Schizophrenia is a disease that usually occurs in young people for no reason at all. The cause of the illness is unknown. It affects the person’s thinking, feeling, movement and behavior. The brain regulates all these things. The brain functioning is disturbed in several ways. These three ways are through Positive Symptoms, Negative Symptoms and Cognitive Symptoms.

Positive Symptoms

A person’s thought processes with this illness can be disrupted so that one does not directly relate their previous thoughts. Also there are delusions that are beliefs that are untrue. There are four types of delusions: paranoid delusions — in that a person believes that people are trying to harm him even though it isn’t true. A second delusion is a delusion of reference that occurs when things in the environment seem to be directly related to the person even though they aren’t. Third, is a somatic delusion in which there are erroneous beliefs about the body, and the last delusion is a delusion of grandeur, which occurs when a person believes that he/she is very special or have special powers or abilities.

The next positive symptom is hallucinations. There are five of these. The first type is auditory in that the person hears things that other people do not hear.

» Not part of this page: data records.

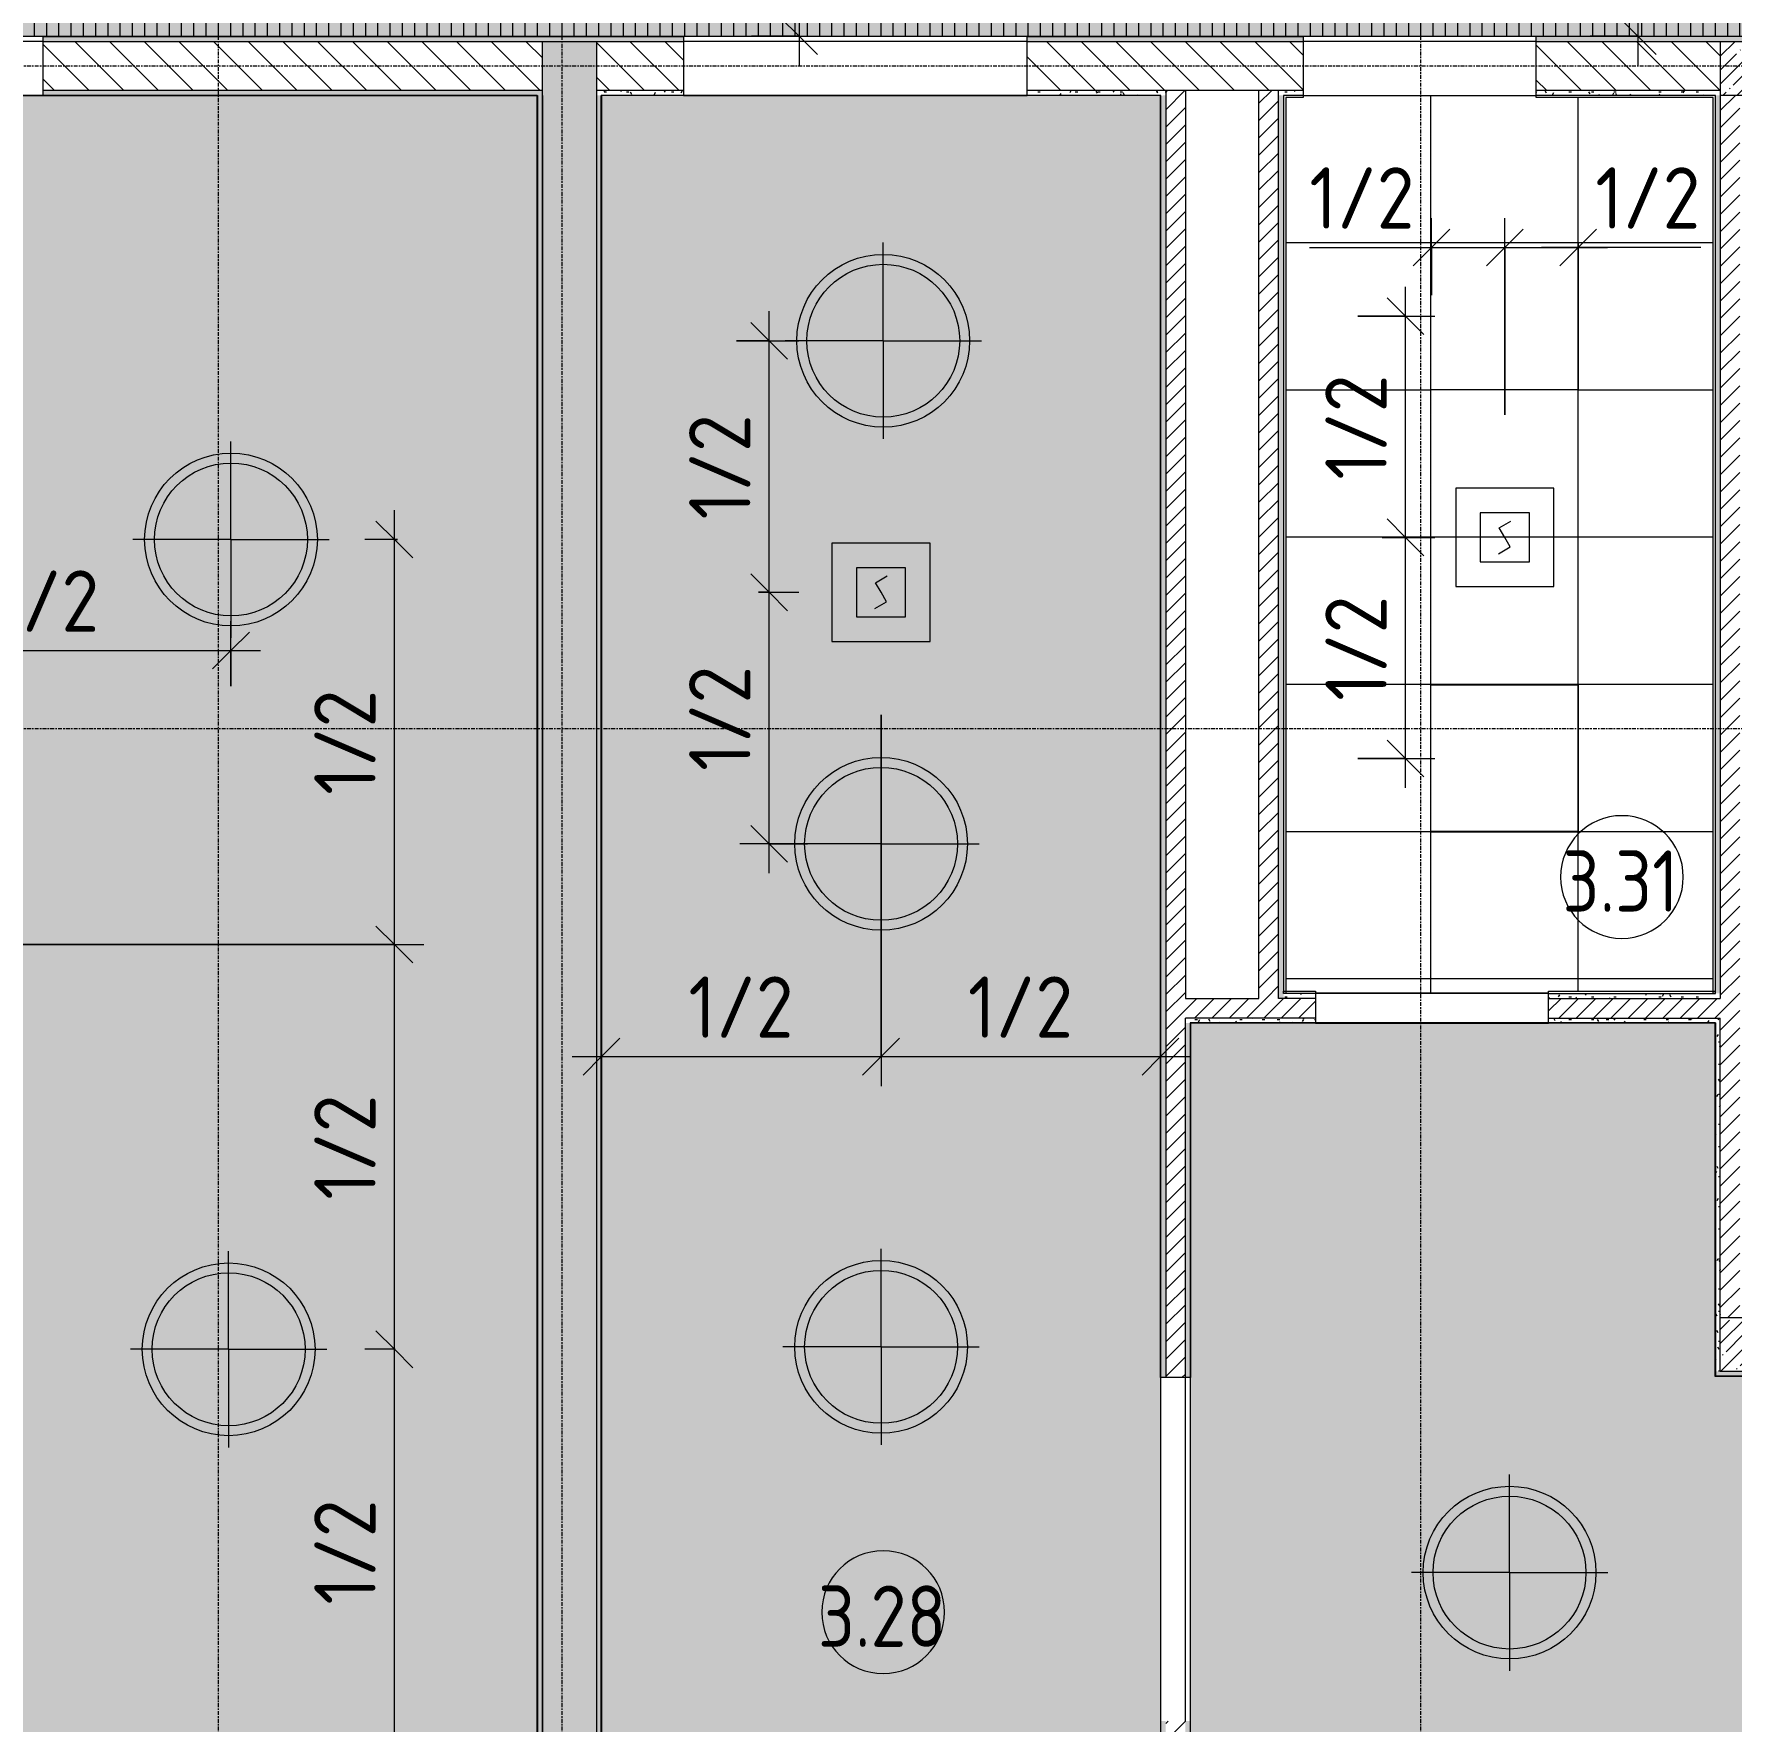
# Model space of a CAD drawing. Header units: millimetres. Extents: x 81303 to 275082, y -8553 to 29000.
# Drawn here: x 105058 to 111974, y 3755 to 10630 of the extents above; entities that cross this region are included whole.
import ezdxf

# ---------------------------------------------------------------- set-up
doc = ezdxf.new("R2010")
doc.units = ezdxf.units.MM
doc.linetypes.add('Осевая', pattern=[31.75, 6.35, -4.7625, 15.875, -4.7625])
for name, color, linetype, lineweight in [('A-ANNO-DIMS', 7, 'Continuous', 9), ('A-ANNO-DIMS-100', 7, 'Continuous', 9), ('A-AREA-IDEN', 7, 'Continuous', 9), ('A-CLNG-PATT', 7, 'Continuous', 9), ('A-WALL', 7, 'Continuous', 9), ('I-WALL', 7, 'Continuous', 9), ('Q-SPCQ', 7, 'Continuous', 9), ('Оси-2', 7, 'Осевая', 9)]:
    doc.layers.add(name, color=color, linetype=linetype, lineweight=lineweight)
for name, color, linetype, lineweight, true_color in [('A-ANNO-NOTE', 1, 'Continuous', 9, 0xff0000), ('A-CLNG-1', 7, 'Continuous', 9, 0xeaeaea), ('A-WALL-1', 7, 'Continuous', 9, 0x3c3c3c), ('A-WALL-FNSH-1', 7, 'Continuous', 9, 0x3c3c3c), ('I-WALL-1', 7, 'Continuous', 9, 0x535353), ('Q-SPCQ-4', 1, 'Continuous', 9, 0xff0000)]:
    doc.layers.add(name, color=color, linetype=linetype, lineweight=lineweight, true_color=true_color)
doc.layers.add('A-CLNG-PATT-1', color=7, linetype='Continuous', lineweight=9, transparency=1)
doc.styles.add('GOST Common_1', font='GOST_Common.ttf', dxfattribs={"width": 0.9, "height": 250})
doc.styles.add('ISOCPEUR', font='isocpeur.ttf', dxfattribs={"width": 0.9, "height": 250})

The second type is visual in that a person sees things that other people do not see. The third type is olfactory in which the person smells things that other people don’t smell. Fourth is tactile in which the person feels like something is touching his skin even though there is nothing actually coming in touch with the skin. Fifth is gustatory in which the person tastes something that is really not there.

The person’s behavior and movement is also affected. They may seem more agitated and hyper, or feel weighted down and sluggish.

Negative Symptoms

These symptoms include: inability to enjoy activity as much as before, low energy, a blank, blunted facial expression, or having less lively facial movements. Low motivation, difficulty initiating activities, and an inability to make friends, keep friends, or not caring if they have friends.

Cognitive Symptoms

These symptoms affect concentration or memory. They are as follows: disorganized thinking, slow thinking, difficulty understanding others, poor concentration, poor memory, difficulty expressing thoughts and difficulty integrating thoughts, feelings and behavior.

If a person has some or all of these symptoms they should contact their doctor. He/she can explain them the symptoms to the person affected, and how they may better control them.

Psychosis is a general term used to describe psychotic symptoms. Schizophrenia is a type of psychosis. The symptoms of psychosis include: confusion, inability to think clearly, difficulty putting thoughts together, rapid thoughts that are hard to follow, inability to pay attention or to concentrate, confused speech, as well as disorganized behavior, and auditory, olfactory, visual and tactile hallucinations.

There are four types of Schizophrenia. They are as follows: paranoid type-frequent hallucinations with delusions, disorganized type behavior and flat affect, catatonic type-inappropriate behavior, immobility and speech problems and undifferentiated type which meets criteria for general category, but doesn’t fall into any of the other types.

Taken in part from: “Diagnosis-Schizophrenia” by Rachel Miller and Susan E. Mason

Tracey Criswell Wilson is an author on www.Writing.Com/ Many of Tracey’s writings which include non-fiction, poetry, prose, and many fiction genres can be found on this site, which is a site for Writers.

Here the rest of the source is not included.